Study material:
· · ·
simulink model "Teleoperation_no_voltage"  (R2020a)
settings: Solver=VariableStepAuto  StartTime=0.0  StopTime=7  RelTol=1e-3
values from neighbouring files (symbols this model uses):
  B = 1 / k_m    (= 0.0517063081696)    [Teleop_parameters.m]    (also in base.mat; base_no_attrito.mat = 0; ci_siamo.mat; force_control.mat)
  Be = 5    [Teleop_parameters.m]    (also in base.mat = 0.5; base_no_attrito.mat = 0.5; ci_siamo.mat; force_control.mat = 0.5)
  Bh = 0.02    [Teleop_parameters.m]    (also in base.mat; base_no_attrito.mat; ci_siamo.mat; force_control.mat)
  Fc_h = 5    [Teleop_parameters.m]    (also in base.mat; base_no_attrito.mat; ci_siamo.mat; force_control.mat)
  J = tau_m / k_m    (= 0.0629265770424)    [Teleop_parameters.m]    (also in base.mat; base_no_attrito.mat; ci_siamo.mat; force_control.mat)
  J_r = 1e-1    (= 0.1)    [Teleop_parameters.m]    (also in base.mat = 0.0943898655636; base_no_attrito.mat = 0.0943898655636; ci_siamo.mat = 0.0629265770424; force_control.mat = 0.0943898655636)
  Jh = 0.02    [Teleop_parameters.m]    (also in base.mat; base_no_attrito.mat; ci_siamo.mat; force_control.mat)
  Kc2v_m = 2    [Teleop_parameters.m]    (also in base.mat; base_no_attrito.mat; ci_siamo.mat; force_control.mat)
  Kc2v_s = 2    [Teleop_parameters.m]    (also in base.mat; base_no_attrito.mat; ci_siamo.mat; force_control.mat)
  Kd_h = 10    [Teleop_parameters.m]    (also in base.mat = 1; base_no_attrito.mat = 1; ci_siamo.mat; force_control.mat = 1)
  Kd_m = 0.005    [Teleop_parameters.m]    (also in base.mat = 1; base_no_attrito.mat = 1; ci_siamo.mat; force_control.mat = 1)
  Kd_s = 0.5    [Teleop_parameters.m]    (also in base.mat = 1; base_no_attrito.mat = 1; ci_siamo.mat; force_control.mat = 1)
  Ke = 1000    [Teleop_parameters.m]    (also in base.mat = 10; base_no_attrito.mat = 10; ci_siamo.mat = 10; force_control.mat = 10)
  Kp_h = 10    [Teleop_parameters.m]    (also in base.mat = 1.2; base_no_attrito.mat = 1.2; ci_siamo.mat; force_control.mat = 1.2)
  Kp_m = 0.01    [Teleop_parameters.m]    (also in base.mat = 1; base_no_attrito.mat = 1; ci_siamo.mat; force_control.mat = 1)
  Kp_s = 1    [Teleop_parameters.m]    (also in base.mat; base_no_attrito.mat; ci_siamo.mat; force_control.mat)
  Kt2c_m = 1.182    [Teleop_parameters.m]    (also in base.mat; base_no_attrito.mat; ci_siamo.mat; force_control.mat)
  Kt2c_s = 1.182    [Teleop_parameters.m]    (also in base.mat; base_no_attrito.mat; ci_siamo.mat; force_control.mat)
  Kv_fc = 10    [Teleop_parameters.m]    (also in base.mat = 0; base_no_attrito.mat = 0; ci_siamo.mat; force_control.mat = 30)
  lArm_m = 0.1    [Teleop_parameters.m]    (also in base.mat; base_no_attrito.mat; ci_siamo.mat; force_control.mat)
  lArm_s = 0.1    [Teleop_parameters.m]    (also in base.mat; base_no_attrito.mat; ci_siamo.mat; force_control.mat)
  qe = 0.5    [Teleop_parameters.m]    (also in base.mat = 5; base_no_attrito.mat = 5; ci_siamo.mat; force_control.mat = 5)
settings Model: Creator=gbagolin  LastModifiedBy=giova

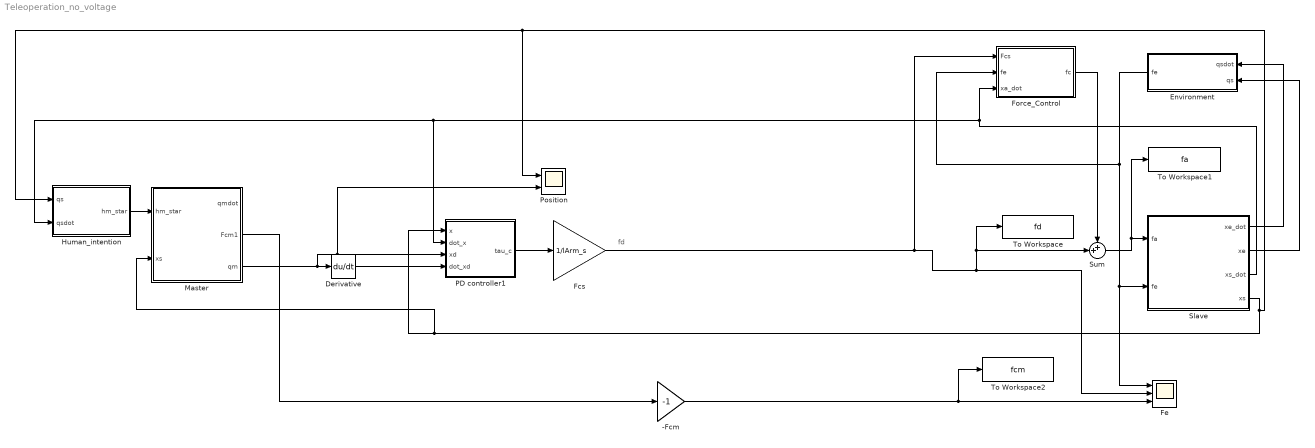
== system Teleoperation_no_voltage ==
  note: fd
  -Fcm : Gain  Gain=-1
  Derivative : Derivative
  Environment : Subsystem
  Fcs : Gain  Gain=1/lArm_s
  Fe : Scope  NumInputPorts=3
  Force_Control : Subsystem
  Human_intention : Subsystem
  Master : Subsystem
  PD controller1 : Subsystem
  Position : Scope  NumInputPorts=2
  Slave : Subsystem
  Sum : Sum  Inputs=++|
  To Workspace : ToWorkspace  VariableName=fd  SaveFormat=Timeseries  SampleTime=-1
  To Workspace1 : ToWorkspace  VariableName=fa  SaveFormat=Timeseries  SampleTime=-1
  To Workspace2 : ToWorkspace  VariableName=fcm  SaveFormat=Timeseries  SampleTime=-1
  wires:
  Human_intention/1(hm_star) -> Master/1(hm_star)
  Fcs/1 -> Sum/2, To Workspace/1, Fe/2, Force_Control/1(Fcs)
  Sum/1 -> To Workspace1/1, Slave/1(fa)
  Environment/1(fe) -> Force_Control/2(fe), Fe/1, Slave/2(fe)
  -Fcm/1 -> Fe/3, To Workspace2/1
  Force_Control/1(fc) -> Sum/1
  Slave/3(xs_dot) -> Force_Control/3(xa_dot), Human_intention/2(qsdot), PD controller1/2(dot_x)
  Slave/1(xe_dot) -> Environment/1(qsdot)
  Slave/2(xe) -> Environment/2(qs)
  Slave/4(xs) -> Master/2(xs), PD controller1/1(x), Position/1, Human_intention/1(qs)
  Master/2(Fcm1) -> -Fcm/1
  PD controller1/1(tau_c) -> Fcs/1
  Master/3(qm) -> Derivative/1, Position/2, PD controller1/3(xd)
  Derivative/1 -> PD controller1/4(dot_xd)

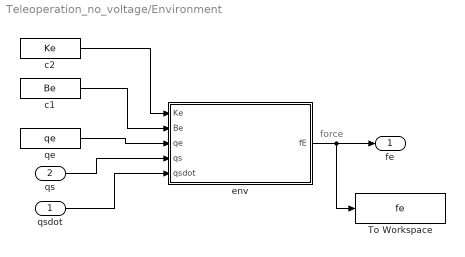
== system Teleoperation_no_voltage/Environment ==
  note: force
  qsdot : Inport
  qs : Inport  Port=2
  To Workspace : ToWorkspace  VariableName=fe  SaveFormat=Timeseries  SampleTime=-1
  c1 : Constant  Value=Be  SampleTime=0
  c2 : Constant  Value=Ke  SampleTime=0
  env : MATLAB Function  TreatAsAtomicUnit=on
  qe : Constant  Value=qe  SampleTime=0
  fe : Outport  VectorParamsAs1DForOutWhenUnconnected=off
  wires:
  qe/1 -> env/3(qe)
  c1/1 -> env/2(Be)
  c2/1 -> env/1(Ke)
  qs/1 -> env/4(qs)
  qsdot/1 -> env/5(qsdot)
  env/1(fE) -> To Workspace/1, fe/1

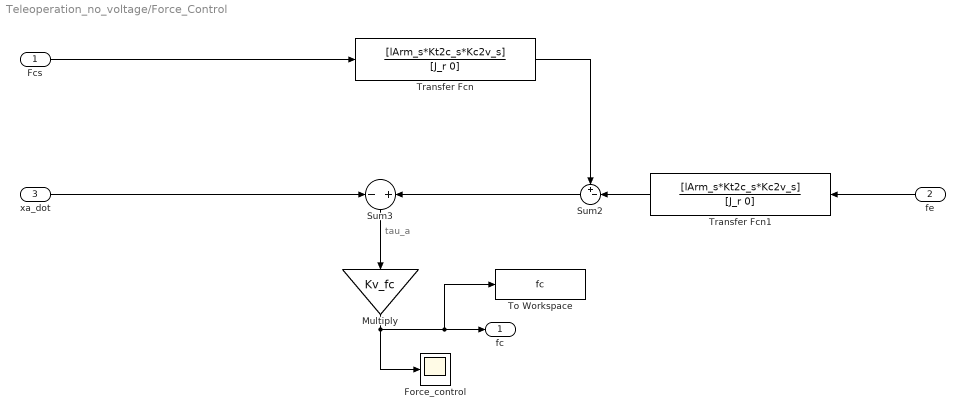
== system Teleoperation_no_voltage/Force_Control ==
  note: tau_a
  Fcs : Inport
  fe : Inport  Port=2
  xa_dot : Inport  Port=3
  Force_control : Scope
  Multiply : Gain  Gain=Kv_fc
  Sum2 : Sum  Inputs=+-|
  Sum3 : Sum  Inputs=-|+
  To Workspace : ToWorkspace  VariableName=fc  SaveFormat=Timeseries  SampleTime=-1
  Transfer Fcn : TransferFcn  Numerator=[lArm_s*Kt2c_s*Kc2v_s]  Denominator=[J_r 0]
  Transfer Fcn1 : TransferFcn  Numerator=[lArm_s*Kt2c_s*Kc2v_s]  Denominator=[J_r 0]
  fc : Outport
  wires:
  Transfer Fcn1/1 -> Sum2/2
  Sum2/1 -> Sum3/2
  Sum3/1 -> Multiply/1
  Multiply/1 -> To Workspace/1, fc/1, Force_control/1
  Fcs/1 -> Transfer Fcn/1
  fe/1 -> Transfer Fcn1/1
  xa_dot/1 -> Sum3/1
  Transfer Fcn/1 -> Sum2/1

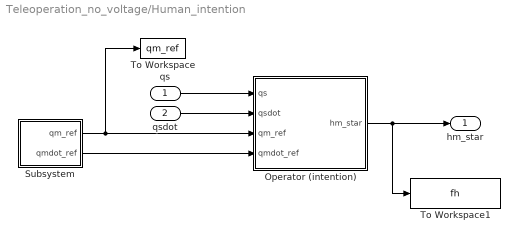
== system Teleoperation_no_voltage/Human_intention ==
  qs : Inport
  qsdot : Inport  Port=2
  Operator (intention) : Subsystem
  Subsystem : Subsystem
  To Workspace : ToWorkspace  VariableName=qm_ref  SaveFormat=Timeseries  SampleTime=-1
  To Workspace1 : ToWorkspace  VariableName=fh  SaveFormat=Timeseries  SampleTime=-1
  hm_star : Outport
  wires:
  Subsystem/1(qm_ref) -> To Workspace/1, Operator (intention)/3(qm_ref)
  Subsystem/2(qmdot_ref) -> Operator (intention)/4(qmdot_ref)
  Operator (intention)/1(hm_star) -> To Workspace1/1, hm_star/1
  qs/1 -> Operator (intention)/1(qs)
  qsdot/1 -> Operator (intention)/2(qsdot)

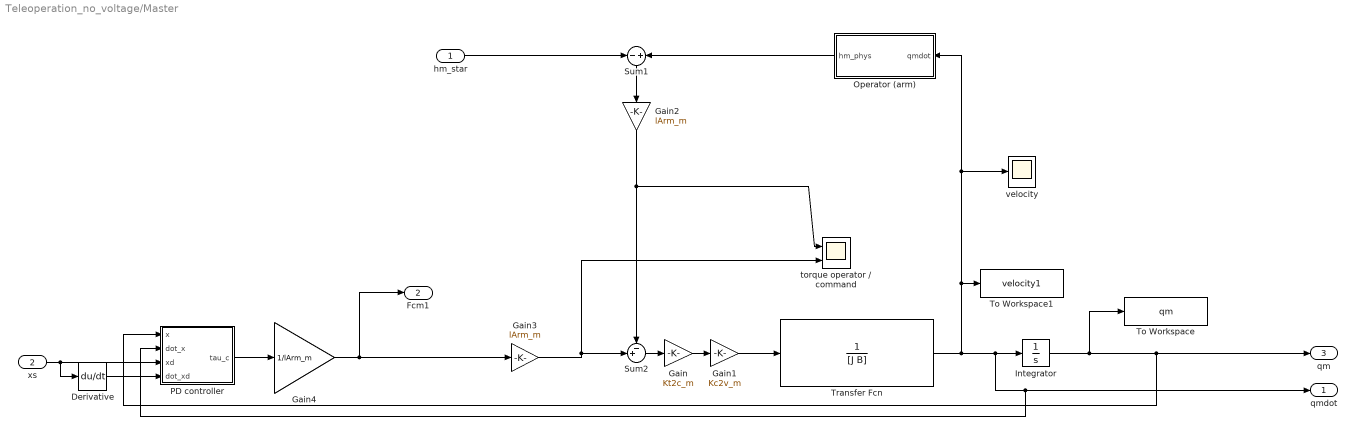
== system Teleoperation_no_voltage/Master ==
  hm_star : Inport
  xs : Inport  Port=2
  Derivative : Derivative
  Gain : Gain  Gain=Kt2c_m
  Gain1 : Gain  Gain=Kc2v_m
  Gain2 : Gain  Gain=lArm_m
  Gain3 : Gain  Gain=lArm_m
  Gain4 : Gain  Gain=1/lArm_m
  Integrator : Integrator
  Operator (arm) : Subsystem
  PD controller : Subsystem
  Sum1 : Sum  Inputs=-+
  Sum2 : Sum  Inputs=-+|
  To Workspace : ToWorkspace  VariableName=qm  SaveFormat=Timeseries  SampleTime=-1
  To Workspace1 : ToWorkspace  VariableName=velocity1  SaveFormat=Timeseries  SampleTime=-1
  Transfer Fcn : TransferFcn  Denominator=[J B]
  torque operator / command : Scope  NumInputPorts=2
  velocity : Scope
  qmdot : Outport
  Fcm1 : Outport  Port=2
  qm : Outport  Port=3
  wires:
  Integrator/1 -> To Workspace/1, PD controller/1(x), qm/1
  Operator (arm)/1(hm_phys) -> Sum1/2
  Sum1/1 -> Gain2/1
  Gain4/1 -> Fcm1/1, Gain3/1
  Transfer Fcn/1 -> Operator (arm)/1(qmdot), velocity/1, To Workspace1/1, PD controller/2(dot_x), qmdot/1, Integrator/1
  hm_star/1 -> Sum1/1
  Sum2/1 -> Gain/1
  Gain/1 -> Gain1/1
  Gain1/1 -> Transfer Fcn/1
  Gain2/1 -> Sum2/1, torque operator / command/1
  Gain3/1 -> torque operator / command/2, Sum2/2
  Derivative/1 -> PD controller/4(dot_xd)
  xs/1 -> Derivative/1, PD controller/3(xd)
  PD controller/1(tau_c) -> Gain4/1

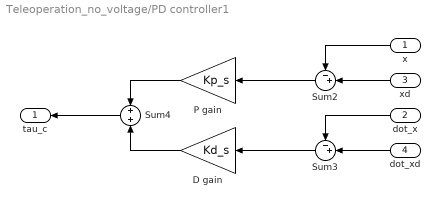
== system Teleoperation_no_voltage/PD controller1 ==
  x : Inport
  dot_x : Inport  Port=2
  xd : Inport  Port=3
  dot_xd : Inport  Port=4
  D gain : Gain  Gain=Kd_s
  P gain : Gain  Gain=Kp_s
  Sum2 : Sum  Inputs=-+|
  Sum3 : Sum  Inputs=-+|
  Sum4 : Sum
  tau_c : Outport  VectorParamsAs1DForOutWhenUnconnected=off
  wires:
  D gain/1 -> Sum4/2
  dot_x/1 -> Sum3/1
  dot_xd/1 -> Sum3/2
  x/1 -> Sum2/1
  xd/1 -> Sum2/2
  Sum3/1 -> D gain/1
  P gain/1 -> Sum4/1
  Sum4/1 -> tau_c/1
  Sum2/1 -> P gain/1

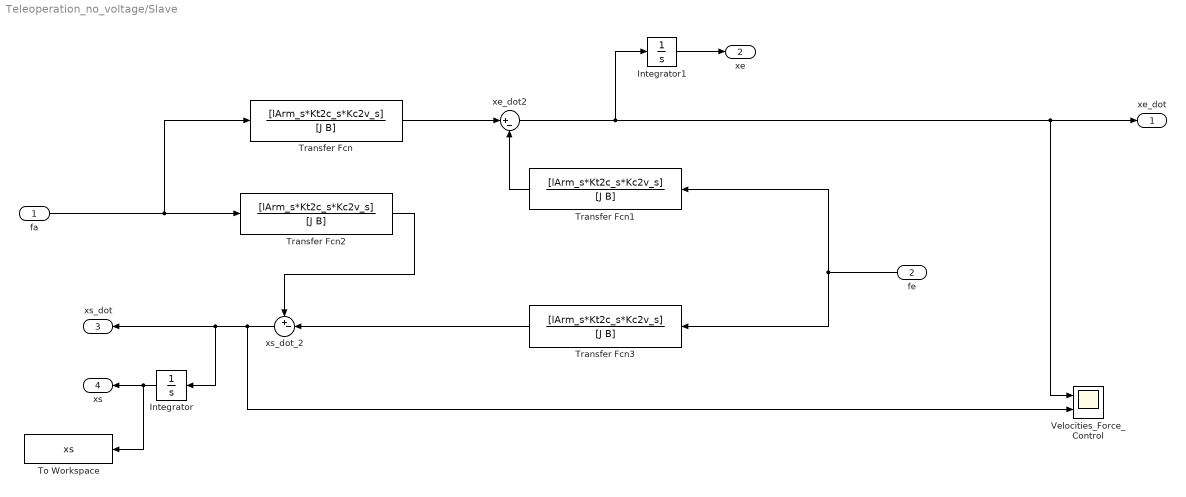
== system Teleoperation_no_voltage/Slave ==
  fa : Inport
  fe : Inport  Port=2
  Integrator : Integrator
  Integrator1 : Integrator
  To Workspace : ToWorkspace  VariableName=xs  SaveFormat=Timeseries  SampleTime=-1
  Transfer Fcn{,1..3} (4 alike) : TransferFcn  Numerator=[lArm_s*Kt2c_s*Kc2v_s]  Denominator=[J B]
  Velocities_Force_Control : Scope  NumInputPorts=2
  xe_dot2 : Sum  Inputs=|+-
  xs_dot_2 : Sum  Inputs=+-|
  xe_dot : Outport
  xe : Outport  Port=2
  xs_dot : Outport  Port=3
  xs : Outport  Port=4
  wires:
  fa/1 -> Transfer Fcn2/1, Transfer Fcn/1
  Transfer Fcn/1 -> xe_dot2/1
  xe_dot2/1 -> Integrator1/1, xe_dot/1, Velocities_Force_Control/1
  Transfer Fcn1/1 -> xe_dot2/2
  Transfer Fcn3/1 -> xs_dot_2/2
  Transfer Fcn2/1 -> xs_dot_2/1
  xs_dot_2/1 -> Velocities_Force_Control/2, Integrator/1, xs_dot/1
  fe/1 -> Transfer Fcn1/1, Transfer Fcn3/1
  Integrator/1 -> To Workspace/1, xs/1
  Integrator1/1 -> xe/1

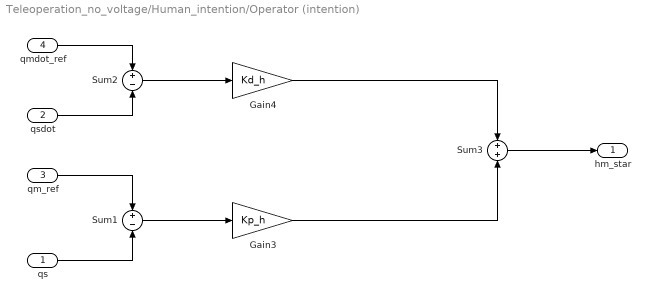
== system Teleoperation_no_voltage/Human_intention/Operator (intention) ==
  qs : Inport
  qsdot : Inport  Port=2
  qm_ref : Inport  Port=3
  qmdot_ref : Inport  Port=4
  Gain3 : Gain  Gain=Kp_h
  Gain4 : Gain  Gain=Kd_h
  Sum1 : Sum  Inputs=+|-
  Sum2 : Sum  Inputs=+|-
  Sum3 : Sum  Inputs=+|+
  hm_star : Outport  VectorParamsAs1DForOutWhenUnconnected=off
  wires:
  qs/1 -> Sum1/2
  qm_ref/1 -> Sum1/1
  qmdot_ref/1 -> Sum2/1
  Sum1/1 -> Gain3/1
  qsdot/1 -> Sum2/2
  Sum2/1 -> Gain4/1
  Gain4/1 -> Sum3/1
  Gain3/1 -> Sum3/2
  Sum3/1 -> hm_star/1

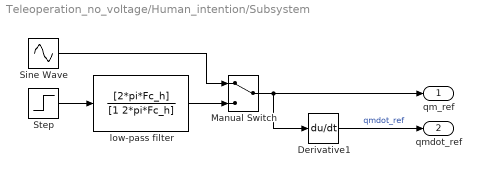
== system Teleoperation_no_voltage/Human_intention/Subsystem ==
  Derivative1 : Derivative  CoefficientInTFapproximation=0.001
  Manual Switch : ManualSwitch
  Sine Wave : Sin  SampleTime=0
  Step : Step  SampleTime=0
  low-pass filter : TransferFcn  Numerator=[2*pi*Fc_h]  Denominator=[1 2*pi*Fc_h]
  qm_ref : Outport
  qmdot_ref : Outport  Port=2
  wires:
  low-pass filter/1 -> Manual Switch/2
  Manual Switch/1 -> qm_ref/1, Derivative1/1
  Derivative1/1 -> qmdot_ref/1  "qmdot_ref"
  Step/1 -> low-pass filter/1
  Sine Wave/1 -> Manual Switch/1

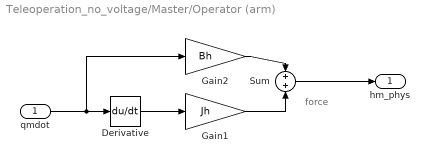
== system Teleoperation_no_voltage/Master/Operator (arm) ==
  note: force
  qmdot : Inport
  Derivative : Derivative  CoefficientInTFapproximation=0.001
  Gain1 : Gain  Gain=Jh
  Gain2 : Gain  Gain=Bh
  Sum : Sum  Inputs=+|+
  hm_phys : Outport  VectorParamsAs1DForOutWhenUnconnected=off
  wires:
  qmdot/1 -> Gain2/1, Derivative/1
  Sum/1 -> hm_phys/1
  Derivative/1 -> Gain1/1
  Gain2/1 -> Sum/1
  Gain1/1 -> Sum/2

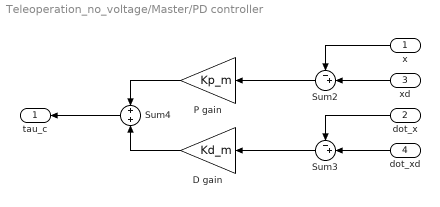
== system Teleoperation_no_voltage/Master/PD controller ==
  x : Inport
  dot_x : Inport  Port=2
  xd : Inport  Port=3
  dot_xd : Inport  Port=4
  D gain : Gain  Gain=Kd_m
  P gain : Gain  Gain=Kp_m
  Sum2 : Sum  Inputs=-+|
  Sum3 : Sum  Inputs=-+|
  Sum4 : Sum
  tau_c : Outport  VectorParamsAs1DForOutWhenUnconnected=off
  wires:
  D gain/1 -> Sum4/2
  dot_x/1 -> Sum3/1
  dot_xd/1 -> Sum3/2
  x/1 -> Sum2/1
  xd/1 -> Sum2/2
  Sum3/1 -> D gain/1
  P gain/1 -> Sum4/1
  Sum4/1 -> tau_c/1
  Sum2/1 -> P gain/1

== matlab function Teleoperation_no_voltage/Environment/env ==
  data: Ke input; Be input; qe input; qs input; fE output; qsdot input
function fE  = environment(Ke, Be, qe, qs, qsdot)
if qs > qe
   fE = Ke * (qs - qe) + Be * qsdot;
else
   fE = 0;
end
· · ·
Your objective: Report, with no additional words, how many lines in the records above contain the word "Position".

Your solution: 3